▶ What is needed: Return exactly and only these lines: the first of the listing through the one containing "libraries: xpcethercatlib x54, slrtlib".

▶ Provided records:
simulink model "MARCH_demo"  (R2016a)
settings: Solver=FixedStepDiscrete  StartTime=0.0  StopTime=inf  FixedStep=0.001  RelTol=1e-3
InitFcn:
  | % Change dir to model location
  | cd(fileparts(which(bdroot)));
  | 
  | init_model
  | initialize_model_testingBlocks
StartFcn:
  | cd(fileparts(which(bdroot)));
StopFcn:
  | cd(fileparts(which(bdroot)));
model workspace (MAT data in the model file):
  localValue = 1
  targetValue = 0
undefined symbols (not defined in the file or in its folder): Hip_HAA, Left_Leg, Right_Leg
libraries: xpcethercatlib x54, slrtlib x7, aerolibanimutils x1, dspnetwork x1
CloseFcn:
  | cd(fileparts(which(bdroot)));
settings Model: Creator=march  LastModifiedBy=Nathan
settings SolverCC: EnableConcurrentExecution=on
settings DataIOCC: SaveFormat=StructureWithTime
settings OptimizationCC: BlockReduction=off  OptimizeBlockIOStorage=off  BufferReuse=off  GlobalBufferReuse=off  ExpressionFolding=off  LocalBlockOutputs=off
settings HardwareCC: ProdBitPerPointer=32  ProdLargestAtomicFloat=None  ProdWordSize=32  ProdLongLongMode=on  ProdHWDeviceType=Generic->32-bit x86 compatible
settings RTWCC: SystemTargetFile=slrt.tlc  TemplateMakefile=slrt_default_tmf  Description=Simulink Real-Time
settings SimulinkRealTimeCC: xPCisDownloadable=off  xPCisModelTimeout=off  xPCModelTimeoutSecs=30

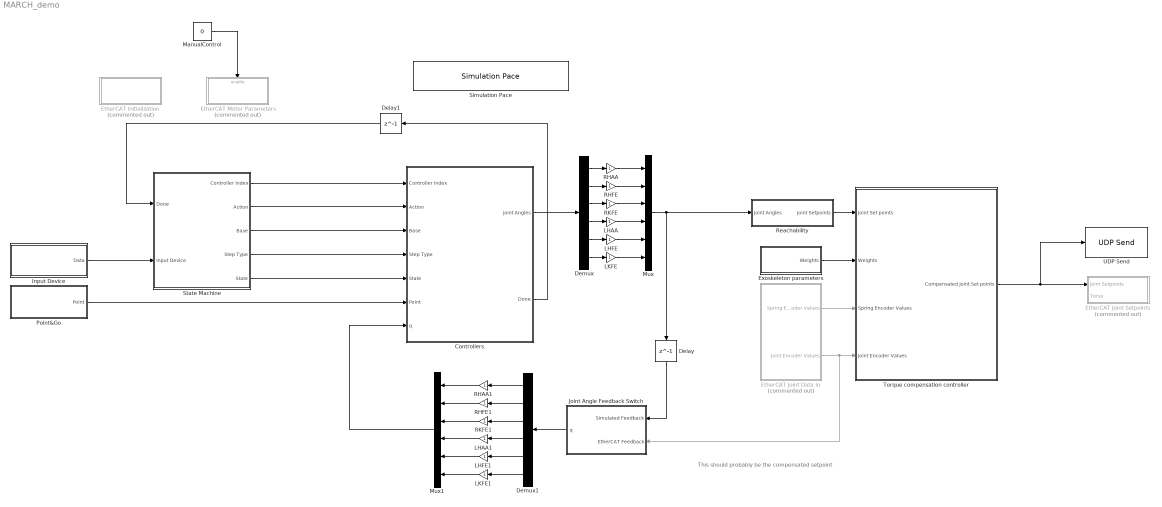
== system MARCH_demo ==
  note: This should probably be the compensated setpoint
  Controllers : Subsystem
  Delay : Delay  DelayLength=1
  Delay1 : Delay  DelayLength=1
  Demux : Demux  Outputs=6
  Demux1 : Demux  Outputs=6
  EtherCAT Initialization : Subsystem  Commented=on
  EtherCAT Joint Data In : Subsystem  Commented=on
  EtherCAT Joint Setpoints : Subsystem  Commented=on
  EtherCAT Motor Parameters : Subsystem  Commented=on
  Exoskeleton parameters : Subsystem
  Input Device : Subsystem
  Joint Angle Feedback Switch : Subsystem
  LHAA : Gain
  LHAA1 : Gain
  LHFE : Gain
  LHFE1 : Gain
  LKFE : Gain
  LKFE1 : Gain
  ManualControl : Constant  Value=0
  Mux : Mux  Inputs=6
  Mux1 : Mux  Inputs=6
  Point&Go : Subsystem
  RHAA : Gain
  RHAA1 : Gain
  RHFE : Gain
  RHFE1 : Gain
  RKFE : Gain
  RKFE1 : Gain
  Reachability : Subsystem
  Simulation Pace : aerolibanimutils/Simulation Pace  SimulationPace=1  SleepMode=MATLAB Thread  OutputPaceError=off  SampleTime=-1
  State Machine : Subsystem
  Torque compensation controller : Subsystem
  UDP Send : dspnetwork/UDP Send  remoteURL='127.0.0.1'  remotePort=25000  localURL='0.0.0.0'  localPortSource=Automatically determine  localPort=-1  sampletime=-1  separateLengthPort=0
  wires:
  Torque compensation controller/1(Compensated Joint Set points) -> UDP Send/1, EtherCAT Joint Setpoints/1(Joint Setpoints)
  Reachability/1(Joint Setpoints) -> Torque compensation controller/1(Joint Set points)
  EtherCAT Joint Data In/1(Spring Encoder Values) -> Torque compensation controller/3(Spring Encoder Values)
  EtherCAT Joint Data In/2(Joint Encoder Values) -> Joint Angle Feedback Switch/2(EtherCAT Feedback), Torque compensation controller/4(Joint Encoder Values)
  Exoskeleton parameters/1(Weights) -> Torque compensation controller/2(Weights)
  Delay/1 -> Joint Angle Feedback Switch/1(Simulated Feedback)
  Point&Go/1(Point) -> Controllers/6(Point)
  Input Device/1(Data) -> State Machine/2(Input Device)
  Controllers/2(Done) -> Delay1/1
  State Machine/4(Step Type) -> Controllers/4(Step Type)
  State Machine/2(Action) -> Controllers/2(Action)
  State Machine/3(Base) -> Controllers/3(Base)
  State Machine/1(Controller Index) -> Controllers/1(Controller Index)
  State Machine/5(State) -> Controllers/5(State)
  Delay1/1 -> State Machine/1(Done)
  Demux/1 -> RHAA/1
  Demux/2 -> RHFE/1
  Demux/3 -> RKFE/1
  Demux/4 -> LHAA/1
  Demux/5 -> LHFE/1
  Demux/6 -> LKFE/1
  Controllers/1(joint Angles) -> Demux/1
  Mux/1 -> Reachability/1(Joint Angles), Delay/1
  RHAA/1 -> Mux/1
  RHFE/1 -> Mux/2
  RKFE/1 -> Mux/3
  LHAA/1 -> Mux/4
  LHFE/1 -> Mux/5
  LKFE/1 -> Mux/6
  Demux1/1 -> RHAA1/1
  Demux1/2 -> RHFE1/1
  Demux1/3 -> RKFE1/1
  Demux1/4 -> LHAA1/1
  Demux1/5 -> LHFE1/1
  Demux1/6 -> LKFE1/1
  RHFE1/1 -> Mux1/2
  RKFE1/1 -> Mux1/3
  LHAA1/1 -> Mux1/4
  LHFE1/1 -> Mux1/5
  LKFE1/1 -> Mux1/6
  RHAA1/1 -> Mux1/1
  Joint Angle Feedback Switch/1(q) -> Demux1/1
  Mux1/1 -> Controllers/7(q)
  ManualControl/1 -> EtherCAT Motor Parameters/Enable

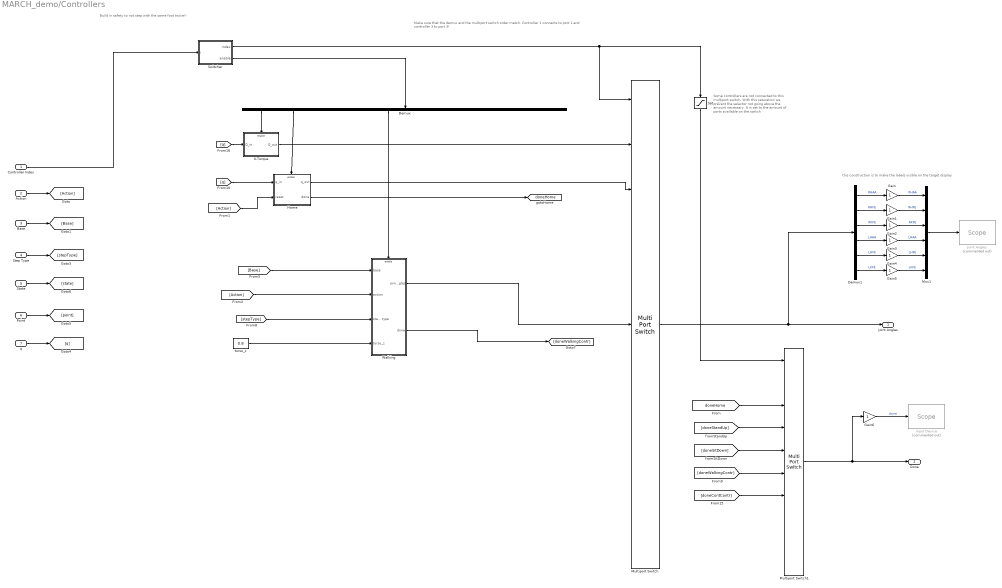
== system MARCH_demo/Controllers ==
  note: Some controllers are not connected to this multiport switch. With this saturation we prevent the selector not going above the amount necessary. It is set to the amount of ports available on the switch
  note: Build in safety to not step with the same
      | foot twice!!
  note: Make sure that the demux and the multiport switch order match.
      | Controller 1 connects to port 1 and controller 3 to port 3!
  note: this construction is to make the labels visible on the target display
  Controller Index : Inport
  Action : Inport  Port=2
  Base : Inport  Port=3
  Step Type : Inport  Port=4
  State : Inport  Port=5
  Point : Inport  Port=6
  q : Inport  Port=7
  0-Torque : Subsystem
  Demux : Demux  Outputs=10
  Demux1 : Demux  Outputs=6
  Gain{,1..6} (7 alike) : Gain
  Home : Subsystem
  Input Device : slrtlib/Displays and Logging/Scope   Commented=on  scopeno=4  scopetype=Target  autostart=on  viewmode=Graphical sliding  formatstr='%15.6f'  grid=on  ylimits=[0,0]  nosamples=25000  noprepostsamples=0  interleave=1  triggermode=FreeRun  triggersignal=1  trigsignalfromport=off  triggerlevel=0.0  triggerslope=Either  triggerscope=1  triggersample=0  filename=data.dat  mode=Lazy  writesize=512  autorestart=off  dynamicfilemode=off  maxwritefilesize=512*1024^2
  Joint Angles : slrtlib/Displays and Logging/Scope   Commented=on  scopeno=3  scopetype=Target  autostart=on  viewmode=Graphical sliding  formatstr='%15.6f'  grid=on  ylimits=[0,0]  nosamples=25000  noprepostsamples=0  interleave=1  triggermode=FreeRun  triggersignal=1  trigsignalfromport=off  triggerlevel=0.0  triggerslope=Either  triggerscope=1  triggersample=0  filename=data.dat  mode=Lazy  writesize=512  autorestart=off  dynamicfilemode=off  maxwritefilesize=512*1024^2
  Multiport Switch : MultiPortSwitch  Inputs=10
  Multiport Switch1 : MultiPortSwitch  Inputs=8  DataPortForDefault=Additional data port
  Mux1 : Mux  Inputs=6
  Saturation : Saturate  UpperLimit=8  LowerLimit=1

▶ Your solution:
simulink model "MARCH_demo"  (R2016a)
settings: Solver=FixedStepDiscrete  StartTime=0.0  StopTime=inf  FixedStep=0.001  RelTol=1e-3
InitFcn:
  | % Change dir to model location
  | cd(fileparts(which(bdroot)));
  | 
  | init_model
  | initialize_model_testingBlocks
StartFcn:
  | cd(fileparts(which(bdroot)));
StopFcn:
  | cd(fileparts(which(bdroot)));
model workspace (MAT data in the model file):
  localValue = 1
  targetValue = 0
undefined symbols (not defined in the file or in its folder): Hip_HAA, Left_Leg, Right_Leg
libraries: xpcethercatlib x54, slrtlib x7, aerolibanimutils x1, dspnetwork x1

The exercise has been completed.